What is expected:
Here are the records. Write out exactly the lines between the one holding "line L8 (36.2694, 53.1397)" and the one holding "line L19 (93.9408, 36.4893)", inclusive.
START The data
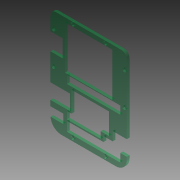
# Autodesk Inventor part: beagle_spacer_top
Saved by Autodesk Inventor 2014 (Build 180170000, 170)
## iProperties
Created: 2013-06-20
Part Number: beagle_spacer_top
Document SubType Name: Modeling
Designer: Administrator
Density: 1 g/cm^3
Mass: 13.5107 g
Surface Area: 121.813 cm^2
Volume: 13.5107 cm^3
Material: Generic
Appearance: Clear - Green 1
Author: Administrator
Autodesk Inventor part; units mm, degrees
ref_plane "YZ Plane" through (0, 0, 0) normal (1, 0, 0) x (0, 1, 0)
ref_plane "XZ Plane" through (0, 0, 0) normal (0, 1, 0) x (-1, 0, 0)
ref_plane "XY Plane" through (0, 0, 0) normal (0, 0, 1) x (1, 0, 0)
sketch "Sketch1" plane through (0, 0, 0) normal (0, 0, 1) x (1, 0, 0)
  line L0 (9.8795, 48.1994) -> (9.8795, -53.4006)
  line L1 (16.2295, 54.5494) -> (92.4295, 54.5494)
  line L2 (98.7795, 48.1994) -> (98.7795, -53.4006)
  line L3 (22.5795, -66.1006) -> (86.0795, -66.1006)
  arc A0 (9.8795, -53.4006) -> (22.5795, -66.1006) centre (22.5795, -53.4006) ccw
  arc A1 (16.2295, 54.5494) -> (9.8795, 48.1994) centre (16.2295, 48.1994) ccw
  arc A2 (98.7795, 48.1994) -> (92.4295, 54.5494) centre (92.4295, 48.1994) ccw
  arc A3 (86.0795, -66.1006) -> (98.7795, -53.4006) centre (86.0795, -53.4006) ccw
  point P0 (0, 0)
  dimension "d0" = 12.7
  dimension "d1" = 6.35
  dimension "d2" = 120.65
  dimension "d3" = 88.9
  constraints: 8 end point, 8 point on circle, 8 tangent, 4 centre point, 2 equal radius, 1 horizontal, 1 vertical
  measures "d0" radius of A0
  measures "d1" radius of A1
  measures "d2" distance between parallel lines of L3 L1
  measures "d3" distance between parallel lines of L2 L0
extrude "Extrusion1" add sketch "Sketch1" along normal blind 3.175
sketch "Sketch2" plane through (0, 0, 3.175) normal (0, 0, 1) x (1, 0, 0)
  line L0 (9.8795, -53.4006) -> (9.8795, 48.1994) projected
  line L1 (98.7795, 48.1994) -> (98.7795, -53.4006) projected
  line L2 (16.2295, 54.5494) -> (92.4295, 54.5494) projected
  line L3 (26.6435, 49.4694) -> (82.0155, 49.4694)
  line L4 (82.0155, 49.4694) -> (82.0155, -1.3306)
  line L5 (82.0155, -1.3306) -> (26.6435, -1.3306)
  line L6 (26.6435, -1.3306) -> (26.6435, 49.4694)
  point P0 (0, 0)
  dimension "d13" = 16.764
  dimension "d14" = 16.764
  dimension "d15" = 5.08
  dimension "d16" = 55.88
  constraints: 8 end point
  measures "d13" distance between parallel lines of L0 L6
  measures "d14" distance between parallel lines of L1 L4
  measures "d15" distance between parallel lines of L2 L3
  measures "d16" distance between parallel lines of L5 L2
extrude "Extrusion2" cut sketch "Sketch2" against normal through all
sketch "Sketch3" plane through (0, 0, 3.175) normal (0, 0, 1) x (1, 0, 0)
  line L0 (9.8795, -53.4006) -> (9.8795, 48.1994) projected
  line L1 (86.0795, -66.1006) -> (22.5795, -66.1006) projected
  line L2 (9.8795, -19.4408) -> (32.7395, -19.4408)
  line L3 (32.7395, -19.4408) -> (32.7395, -37.2208)
  line L4 (32.7395, -37.2208) -> (9.8795, -37.2208)
  point P0 (0, 0)
  dimension "d20" = 28.8798
  dimension "d21" = 46.6598
  dimension "d22" = 22.86
  constraints: 6 end point, 2 point on line
  measures "d20" distance between parallel lines of L4 L1
  measures "d21" distance between parallel lines of L1 L2
  measures "d22" distance between parallel lines of L3 L0
extrude "Extrusion3" cut sketch "Sketch3" against normal through all
sketch "Sketch4" plane through (0, 0, 3.175) normal (0, 0, 1) x (1, 0, 0)
  line L0 (9.8795, -53.4006) -> (9.8795, -37.2208) projected
  arc A0 (9.8795, -53.4006) -> (22.5795, -66.1006) centre (22.5795, -53.4006) ccw projected
  line L1 (86.0795, -66.1006) -> (22.5795, -66.1006) projected
  line L2 (24.8655, -43.5708) -> (24.8655, -54.1626)
  line L3 (24.8655, -43.5708) -> (9.8795, -43.5708)
  line L4 (24.8655, -54.1626) -> (9.9024, -54.1626)
  point P0 (0, 0)
  dimension "d26" = 22.5298
  dimension "d27" = 14.986
  dimension "d28" = 11.938
  constraints: 6 end point, 1 horizontal, 1 point on circle, 1 point on line, 1 vertical
  measures "d26" distance between parallel lines of L1 L3
  measures "d27" distance between parallel lines of L0 L2
  measures "d28" distance between parallel lines of L1 L4
extrude "Extrusion4" cut sketch "Sketch4" against normal through all
sketch "Sketch5" plane through (0, 0, 3.175) normal (0, 0, 1) x (1, 0, 0)
  line L0 (86.0795, -66.1006) -> (22.5795, -66.1006) projected
  line L1 (9.8795, -19.4408) -> (9.8795, 48.1994) projected
  line L2 (9.8795, -43.5708) -> (9.8795, -37.2208) projected
  line L3 (28.9295, -2.1688) -> (91.1595, -2.1688)
  line L4 (91.1595, -2.1688) -> (91.1595, -11.5668)
  line L5 (91.1595, -11.5668) -> (28.9295, -11.5668)
  line L6 (28.9295, -11.5668) -> (28.9295, -2.1688)
  line L7 (28.9295, -50.4288) -> (91.1595, -50.4288)
  line L8 (91.1595, -50.4288) -> (91.1595, -59.8268)
  line L9 (91.1595, -59.8268) -> (28.9295, -59.8268)
  line L10 (28.9295, -59.8268) -> (28.9295, -50.4288)
  point P0 (0, 0)
  dimension "d31" = 54.5338
  dimension "d32" = 9.398
  dimension "d33" = 62.23
  dimension "d34" = 19.05
  dimension "d35" = 19.05
  dimension "d36" = 6.2738
  constraints: 16 end point, 2 equal length
  measures "d31" distance between parallel lines of L0 L5
  measures "d32" distance between parallel lines of L3 L5
  measures "d33" distance of L4.end L5.end
  measures "d34" distance between parallel lines of L1 L6
  measures "d35" distance between parallel lines of L2 L10
  measures "d36" distance between parallel lines of L9 L0
extrude "Extrusion5" cut sketch "Sketch5" against normal through all
sketch "Sketch6" plane through (0, 0, 3.175) normal (0, 0, 1) x (1, 0, 0)
  line L0 (71.6015, -11.5668) -> (28.9295, -11.5668)
  line L1 (28.9295, -50.4288) -> (71.6015, -50.4288)
  line L2 (71.6015, -50.4288) -> (71.6015, -11.5668)
  line L3 (28.9295, -59.8268) -> (28.9295, -50.4288) projected
  line L4 (28.9295, -11.5668) -> (28.9295, -50.4288)
  line L5 (28.9295, -47.2538) -> (68.4265, -47.2538)
  line L6 (9.8795, -19.4408) -> (32.7395, -19.4408) projected
  line L7 (32.7395, -19.4408) -> (32.7395, -37.2208) projected
  line L8 (32.7395, -37.2208) -> (9.8795, -37.2208) projected
  line L9 (28.9295, -17.8533) -> (34.327, -17.8533)
  line L10 (34.327, -17.8533) -> (34.327, -38.8083)
  line L11 (34.327, -38.8083) -> (28.9295, -38.8083)
  line L12 (91.1595, -11.5668) -> (28.9295, -11.5668) projected
  line L13 (28.9295, -50.4288) -> (91.1595, -50.4288) projected
  line L14 (91.1595, -50.4288) -> (91.1595, -42.8088)
  line L15 (91.1595, -42.8088) -> (71.6015, -42.8088)
  line L16 (28.9295, -14.7418) -> (71.6015, -14.7418)
  line L17 (28.9295, -48.8413) -> (71.6015, -48.8413)
  line L18 (68.4265, -47.2538) -> (68.4265, -39.6338)
  line L19 (68.4265, -39.6338) -> (71.6015, -39.6338)
  line L20 (91.1595, -50.4288) -> (71.6015, -50.4288)
  line L21 (98.7795, 48.1994) -> (98.7795, -53.4006) projected
  line L22 (34.327, -17.8533) -> (34.327, -14.7418)
  point P0 (0, 0)
  dimension "d46" = 3.175
  dimension "d49" = 1.5875
  dimension "d50" = 1.5875
  dimension "d51" = 1.5875
  dimension "d54" = 7.62
  dimension "d55" = 3.175
  dimension "d57" = 1.5875
  dimension "d58" = 3.175
  dimension "d61" = 3.175
  dimension "d72" = 27.178
  constraints: 32 end point, 11 point on line, 5 vertical, 2 collinear
  measures "d46" distance between parallel lines of L1 L5
  measures "d49" distance between parallel lines of L8 L11
  measures "d50" distance between parallel lines of L10 L7
  measures "d51" distance between parallel lines of L6 L9
  measures "d54" distance between parallel lines of L13 L15
  measures "d55" distance between parallel lines of L12 L16
  measures "d57" distance between parallel lines of L1 L17
  measures "d58" distance between parallel lines of L15 L19
  measures "d61" distance between parallel lines of L2 L18
  measures "d72" distance between parallel lines of L21 L2
extrude "Extrusion11" cut sketch "Sketch6" against normal through all contours L2 L19 L18 L5 L4 L11 L10 L22 L16 | L15 L14 L13 L2 | L2 L1 L4 L17
sketch "Sketch7" plane through (0, 0, 3.175) normal (0, 0, 1) x (1, 0, 0)
  line L0 (71.6015, -14.7418) -> (71.6015, -39.6338) projected
  line L1 (71.6015, -14.7418) -> (77.9515, -14.7418)
  line L2 (77.9515, -14.7418) -> (77.9515, -39.6338)
  line L3 (77.9515, -39.6338) -> (71.6015, -39.6338)
  point P0 (0, 0)
  dimension "d64" = 6.35
  constraints: 6 end point, 2 horizontal
  measures "d64" distance between parallel lines of L2 L0
extrude "Extrusion12" cut sketch "Sketch7" against normal through all
sketch "Sketch8" plane through (0, 0, 3.175) normal (0, 0, 1) x (1, 0, 0)
  line L0 (86.0795, -66.1006) -> (22.5795, -66.1006) projected
  line L1 (98.7795, 48.1994) -> (98.7795, -53.4006) projected
  line L2 (82.2695, -32.3948) -> (98.7795, -32.3948)
  line L3 (98.7795, -32.3948) -> (98.7795, -50.1748)
  line L4 (98.7795, -50.1748) -> (82.2695, -50.1748)
  line L5 (82.2695, -50.1748) -> (82.2695, -32.3948)
  point P0 (0, 0)
  dimension "d67" = 15.9258
  dimension "d68" = 17.78
  dimension "d69" = 16.51
  constraints: 8 end point, 1 collinear, 1 horizontal, 1 vertical
  measures "d67" distance between parallel lines of L0 L4
  measures "d68" distance of L4.end L2.start
  measures "d69" distance of L2.start L2.end
extrude "Extrusion13" cut sketch "Sketch8" against normal through all
sketch "Sketch9" plane through (0, 0, 3.175) normal (0, 0, 1) x (1, 0, 0)
  line L0 (98.7795, 48.1994) -> (98.7795, -32.3948) projected
  line L1 (16.2295, 54.5494) -> (92.4295, 54.5494) projected
  line L2 (9.8795, -19.4408) -> (9.8795, 48.1994) projected
  line L3 (86.0795, -66.1006) -> (22.5795, -66.1006) projected
  line L4 (36.2694, 49.7107) -> (34.2897, 49.7107)
  line L5 (34.2897, 49.7107) -> (33.2998, 51.4252)
  line L6 (33.2998, 51.4252) -> (34.2897, 53.1397)
  line L7 (34.2897, 53.1397) -> (36.2694, 53.1397)
  line L8 (36.2694, 53.1397) -> (37.2593, 51.4252)
  line L9 (37.2593, 51.4252) -> (36.2694, 49.7107)
  line L10 (75.3593, 51.4252) -> (74.3694, 49.7107)
  line L11 (74.3694, 49.7107) -> (72.3897, 49.7107)
  line L12 (72.3897, 49.7107) -> (71.3998, 51.4252)
  line L13 (71.3998, 51.4252) -> (72.3897, 53.1397)
  line L14 (72.3897, 53.1397) -> (74.3694, 53.1397)
  line L15 (74.3694, 53.1397) -> (75.3593, 51.4252)
  line L16 (97.3698, 34.5095) -> (95.6553, 33.5197)
  line L17 (95.6553, 33.5197) -> (93.9408, 34.5095)
  line L18 (93.9408, 34.5095) -> (93.9408, 36.4893)
  line L19 (93.9408, 36.4893) -> (95.6553, 37.4791)
  line L20 (95.6553, 37.4791) -> (97.3698, 36.4893)
  line L21 (97.3698, 36.4893) -> (97.3698, 34.5095)
  line L22 (37.2593, -62.9764) -> (36.2694, -64.6909)
  line L23 (36.2694, -64.6909) -> (34.2897, -64.6909)
  line L24 (34.2897, -64.6909) -> (33.2998, -62.9764)
  line L25 (33.2998, -62.9764) -> (34.2897, -61.2619)
  line L26 (34.2897, -61.2619) -> (36.2694, -61.2619)
  line L27 (36.2694, -61.2619) -> (37.2593, -62.9764)
  line L28 (75.3593, -62.9764) -> (74.3694, -64.6909)
  line L29 (74.3694, -64.6909) -> (72.3897, -64.6909)
  line L30 (72.3897, -64.6909) -> (71.3998, -62.9764)
  line L31 (71.3998, -62.9764) -> (72.3897, -61.2619)
  line L32 (72.3897, -61.2619) -> (74.3694, -61.2619)
  line L33 (74.3694, -61.2619) -> (75.3593, -62.9764)
  line L34 (97.3698, -3.5905) -> (95.6553, -4.5803)
  line L35 (95.6553, -4.5803) -> (93.9408, -3.5905)
  line L36 (93.9408, -3.5905) -> (93.9408, -1.6107)
  line L37 (93.9408, -1.6107) -> (95.6553, -0.6209)
  line L38 (95.6553, -0.6209) -> (97.3698, -1.6107)
  line L39 (97.3698, -1.6107) -> (97.3698, -3.5905)
  line L40 (14.7182, 34.5095) -> (13.0037, 33.5197)
  line L41 (13.0037, 33.5197) -> (11.2892, 34.5095)
  line L42 (11.2892, 34.5095) -> (11.2892, 36.4893)
  line L43 (11.2892, 36.4893) -> (13.0037, 37.4791)
  line L44 (13.0037, 37.4791) -> (14.7182, 36.4893)
  line L45 (14.7182, 36.4893) -> (14.7182, 34.5095)
  line L46 (14.7182, -1.6107) -> (14.7182, -3.5905)
  line L47 (14.7182, -3.5905) -> (13.0037, -4.5803)
  line L48 (13.0037, -4.5803) -> (11.2892, -3.5905)
  line L49 (11.2892, -3.5905) -> (11.2892, -1.6107)
  line L50 (11.2892, -1.6107) -> (13.0037, -0.6209)
  line L51 (13.0037, -0.6209) -> (14.7182, -1.6107)
  point P0 (0, 0)
  point P1 (35.2795, 51.4252)
  point P2 (73.3795, 51.4252)
  point P3 (95.6553, 35.4994)
  point P4 (35.2795, -62.9764)
  point P5 (73.3795, -62.9764)
  point P6 (95.6553, -2.6006)
  point P7 (13.0037, 35.4994)
  point P8 (13.0037, -2.6006)
  dimension "d73" = 3.429
  dimension "d74" = 3.1242
  dimension "d75" = 3.1242
  dimension "d76" = 3.1242
  dimension "d77" = 3.1242
  dimension "d78" = 25.4
  dimension "d79" = 19.05
  dimension "d80" = 38.1
  dimension "d81" = 38.1
  constraints: 96 end point, 7 equal length, 4 horizontal, 4 horizontal alignment, 4 vertical, 4 vertical alignment, 104 other
  measures "d73" distance between parallel lines of L7 L4
  measures "d74" distance from line of L1 point (35.28, 51.425)
  measures "d75" distance from line of L2 point (13.004, 35.499)
  measures "d76" distance from line of L0 point (95.655, 35.499)
  measures "d77" distance from line of L3 point (35.28, -62.976)
  measures "d78" distance from line of L2 point (35.28, 51.425)
  measures "d79" distance from line of L1 point (13.004, 35.499)
  measures "d80" distance of point (13.004, -2.601) point (13.004, 35.499)
  measures "d81" distance of point (73.38, 51.425) point (35.28, 51.425)
extrude "Extrusion14" cut sketch "Sketch9" against normal through all
sketch "Sketch10" plane through (0, 0, 0) normal (0, 0, -1) x (-1, 0, 0)
  line L0 (-11.2892, 36.4893) -> (-11.2892, 34.5095) projected
  line L1 (-9.8795, 48.1994) -> (-9.8795, -19.4408) projected
  line L2 (-26.6435, 49.4694) -> (-26.6435, -1.3306) projected
  line L3 (-24.1035, 32.11) -> (-24.1035, 11.79)
  line L4 (-24.1035, 32.11) -> (-9.8795, 32.11)
  line L5 (-24.1035, 11.79) -> (-9.8795, 11.79)
  point P0 (-13.0037, 33.5197)
  point P1 (0, 0)
  dimension "d84" = 2.54
  dimension "d86" = 1.4097
  dimension "d87" = 1.4097
  dimension "d88" = 20.32
  constraints: 6 end point, 2 point on line, 1 horizontal, 1 vertical
  measures "d84" distance between parallel lines of L2 L3
  measures "d86" distance between parallel lines of L1 L0
  measures "d87" distance from line of point (-13.004, 33.52) L4
  measures "d88" distance between parallel lines of L4 L5
extrude "Extrusion15" cut sketch "Sketch10" against normal through all
equation "\"d14\" = d13"
equation "\"d35\" = d34"
equation "\"d87\" = d86"
body "Solid1"
END The data
Answer to this exercise:
  line L8 (36.2694, 53.1397) -> (37.2593, 51.4252)
  line L9 (37.2593, 51.4252) -> (36.2694, 49.7107)
  line L10 (75.3593, 51.4252) -> (74.3694, 49.7107)
  line L11 (74.3694, 49.7107) -> (72.3897, 49.7107)
  line L12 (72.3897, 49.7107) -> (71.3998, 51.4252)
  line L13 (71.3998, 51.4252) -> (72.3897, 53.1397)
  line L14 (72.3897, 53.1397) -> (74.3694, 53.1397)
  line L15 (74.3694, 53.1397) -> (75.3593, 51.4252)
  line L16 (97.3698, 34.5095) -> (95.6553, 33.5197)
  line L17 (95.6553, 33.5197) -> (93.9408, 34.5095)
  line L18 (93.9408, 34.5095) -> (93.9408, 36.4893)
  line L19 (93.9408, 36.4893) -> (95.6553, 37.4791)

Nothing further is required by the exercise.